• [What you will do] Once the pictures are set aside, copy the data below exactly as it stands.

[Recorded data]
*** Begin section ***

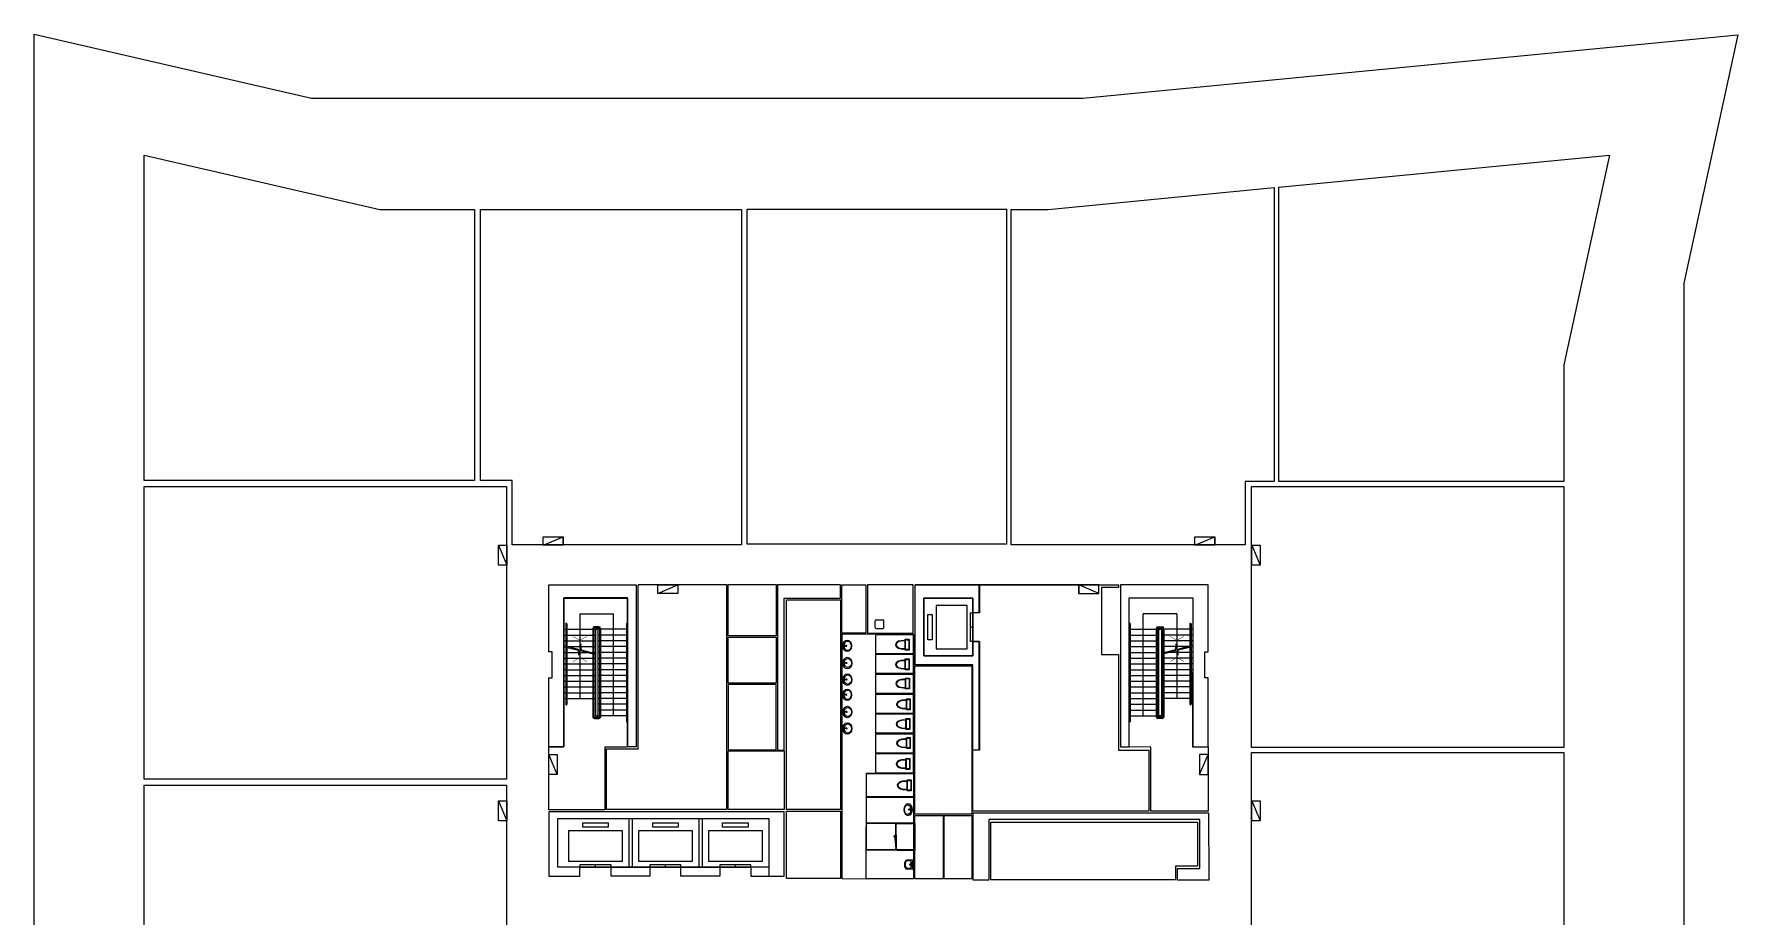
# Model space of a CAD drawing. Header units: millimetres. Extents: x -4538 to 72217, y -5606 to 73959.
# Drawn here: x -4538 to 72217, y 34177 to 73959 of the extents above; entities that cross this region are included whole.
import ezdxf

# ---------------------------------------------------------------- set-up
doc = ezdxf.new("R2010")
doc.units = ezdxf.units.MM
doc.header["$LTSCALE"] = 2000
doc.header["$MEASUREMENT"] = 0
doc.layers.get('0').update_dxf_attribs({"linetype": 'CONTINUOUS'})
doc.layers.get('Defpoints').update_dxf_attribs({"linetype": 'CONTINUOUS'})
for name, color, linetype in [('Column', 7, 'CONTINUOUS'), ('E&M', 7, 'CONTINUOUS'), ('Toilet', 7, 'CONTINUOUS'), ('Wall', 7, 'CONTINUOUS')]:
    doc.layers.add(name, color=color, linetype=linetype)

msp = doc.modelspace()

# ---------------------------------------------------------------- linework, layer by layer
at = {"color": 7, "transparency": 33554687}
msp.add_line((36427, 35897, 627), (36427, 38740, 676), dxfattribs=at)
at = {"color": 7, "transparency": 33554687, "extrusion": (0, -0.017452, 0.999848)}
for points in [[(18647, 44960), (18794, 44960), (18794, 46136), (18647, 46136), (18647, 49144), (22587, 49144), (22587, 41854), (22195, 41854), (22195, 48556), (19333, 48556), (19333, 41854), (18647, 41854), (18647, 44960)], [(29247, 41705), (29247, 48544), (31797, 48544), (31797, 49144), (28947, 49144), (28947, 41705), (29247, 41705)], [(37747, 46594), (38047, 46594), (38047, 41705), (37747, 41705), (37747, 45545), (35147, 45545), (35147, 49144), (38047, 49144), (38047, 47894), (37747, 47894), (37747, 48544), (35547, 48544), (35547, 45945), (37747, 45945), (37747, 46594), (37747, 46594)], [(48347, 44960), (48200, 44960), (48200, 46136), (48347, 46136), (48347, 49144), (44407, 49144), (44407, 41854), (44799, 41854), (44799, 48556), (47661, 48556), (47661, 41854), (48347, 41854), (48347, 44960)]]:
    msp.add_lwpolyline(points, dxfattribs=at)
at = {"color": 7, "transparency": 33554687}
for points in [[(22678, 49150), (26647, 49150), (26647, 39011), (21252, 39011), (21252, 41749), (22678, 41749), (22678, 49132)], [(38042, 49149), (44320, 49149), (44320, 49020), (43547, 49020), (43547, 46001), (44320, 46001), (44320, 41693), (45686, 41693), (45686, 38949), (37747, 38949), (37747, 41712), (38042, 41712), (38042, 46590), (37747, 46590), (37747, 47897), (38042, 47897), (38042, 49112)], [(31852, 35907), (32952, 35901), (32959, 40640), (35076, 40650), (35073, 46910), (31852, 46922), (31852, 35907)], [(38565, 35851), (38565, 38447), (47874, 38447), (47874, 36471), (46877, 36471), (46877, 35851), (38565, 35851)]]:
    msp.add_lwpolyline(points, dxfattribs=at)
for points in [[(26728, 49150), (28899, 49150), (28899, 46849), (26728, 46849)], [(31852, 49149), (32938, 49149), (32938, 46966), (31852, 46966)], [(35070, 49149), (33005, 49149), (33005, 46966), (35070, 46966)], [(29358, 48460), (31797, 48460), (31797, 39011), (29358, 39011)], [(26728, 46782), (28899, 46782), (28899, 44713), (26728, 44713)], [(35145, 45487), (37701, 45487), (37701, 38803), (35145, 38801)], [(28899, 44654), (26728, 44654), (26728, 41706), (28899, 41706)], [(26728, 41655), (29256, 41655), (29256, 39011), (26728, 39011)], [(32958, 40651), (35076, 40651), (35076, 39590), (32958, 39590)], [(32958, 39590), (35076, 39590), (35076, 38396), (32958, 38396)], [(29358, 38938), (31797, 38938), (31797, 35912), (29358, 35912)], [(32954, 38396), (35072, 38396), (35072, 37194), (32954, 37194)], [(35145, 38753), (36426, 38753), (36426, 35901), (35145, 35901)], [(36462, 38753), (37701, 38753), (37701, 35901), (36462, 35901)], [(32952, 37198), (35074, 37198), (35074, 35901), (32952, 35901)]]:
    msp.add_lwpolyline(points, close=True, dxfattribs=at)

*** End section ***

• [Solution to this problem]
# Model space of a CAD drawing. Header units: millimetres. Extents: x -4538 to 72217, y -5606 to 73959.
# Drawn here: x -4538 to 72217, y 34177 to 73959 of the extents above; entities that cross this region are included whole.
import ezdxf

# ---------------------------------------------------------------- set-up
doc = ezdxf.new("R2010")
doc.units = ezdxf.units.MM
doc.header["$LTSCALE"] = 2000
doc.header["$MEASUREMENT"] = 0
doc.layers.get('0').update_dxf_attribs({"linetype": 'CONTINUOUS'})
doc.layers.get('Defpoints').update_dxf_attribs({"linetype": 'CONTINUOUS'})
for name, color, linetype in [('Column', 7, 'CONTINUOUS'), ('E&M', 7, 'CONTINUOUS'), ('Toilet', 7, 'CONTINUOUS'), ('Wall', 7, 'CONTINUOUS')]:
    doc.layers.add(name, color=color, linetype=linetype)

msp = doc.modelspace()

# ---------------------------------------------------------------- linework, layer by layer
at = {"color": 7, "transparency": 33554687}
msp.add_line((36427, 35897, 627), (36427, 38740, 676), dxfattribs=at)
at = {"color": 7, "transparency": 33554687, "extrusion": (0, -0.017452, 0.999848)}
for points in [[(18647, 44960), (18794, 44960), (18794, 46136), (18647, 46136), (18647, 49144), (22587, 49144), (22587, 41854), (22195, 41854), (22195, 48556), (19333, 48556), (19333, 41854), (18647, 41854), (18647, 44960)], [(29247, 41705), (29247, 48544), (31797, 48544), (31797, 49144), (28947, 49144), (28947, 41705), (29247, 41705)], [(37747, 46594), (38047, 46594), (38047, 41705), (37747, 41705), (37747, 45545), (35147, 45545), (35147, 49144), (38047, 49144), (38047, 47894), (37747, 47894), (37747, 48544), (35547, 48544), (35547, 45945), (37747, 45945), (37747, 46594), (37747, 46594)], [(48347, 44960), (48200, 44960), (48200, 46136), (48347, 46136), (48347, 49144), (44407, 49144), (44407, 41854), (44799, 41854), (44799, 48556), (47661, 48556), (47661, 41854), (48347, 41854), (48347, 44960)]]:
    msp.add_lwpolyline(points, dxfattribs=at)
at = {"color": 7, "transparency": 33554687}
for points in [[(22678, 49150), (26647, 49150), (26647, 39011), (21252, 39011), (21252, 41749), (22678, 41749), (22678, 49132)], [(38042, 49149), (44320, 49149), (44320, 49020), (43547, 49020), (43547, 46001), (44320, 46001), (44320, 41693), (45686, 41693), (45686, 38949), (37747, 38949), (37747, 41712), (38042, 41712), (38042, 46590), (37747, 46590), (37747, 47897), (38042, 47897), (38042, 49112)], [(31852, 35907), (32952, 35901), (32959, 40640), (35076, 40650), (35073, 46910), (31852, 46922), (31852, 35907)], [(38565, 35851), (38565, 38447), (47874, 38447), (47874, 36471), (46877, 36471), (46877, 35851), (38565, 35851)]]:
    msp.add_lwpolyline(points, dxfattribs=at)
for points in [[(26728, 49150), (28899, 49150), (28899, 46849), (26728, 46849)], [(31852, 49149), (32938, 49149), (32938, 46966), (31852, 46966)], [(35070, 49149), (33005, 49149), (33005, 46966), (35070, 46966)], [(29358, 48460), (31797, 48460), (31797, 39011), (29358, 39011)], [(26728, 46782), (28899, 46782), (28899, 44713), (26728, 44713)], [(35145, 45487), (37701, 45487), (37701, 38803), (35145, 38801)], [(28899, 44654), (26728, 44654), (26728, 41706), (28899, 41706)], [(26728, 41655), (29256, 41655), (29256, 39011), (26728, 39011)], [(32958, 40651), (35076, 40651), (35076, 39590), (32958, 39590)], [(32958, 39590), (35076, 39590), (35076, 38396), (32958, 38396)], [(29358, 38938), (31797, 38938), (31797, 35912), (29358, 35912)], [(32954, 38396), (35072, 38396), (35072, 37194), (32954, 37194)], [(35145, 38753), (36426, 38753), (36426, 35901), (35145, 35901)], [(36462, 38753), (37701, 38753), (37701, 35901), (36462, 35901)], [(32952, 37198), (35074, 37198), (35074, 35901), (32952, 35901)]]:
    msp.add_lwpolyline(points, close=True, dxfattribs=at)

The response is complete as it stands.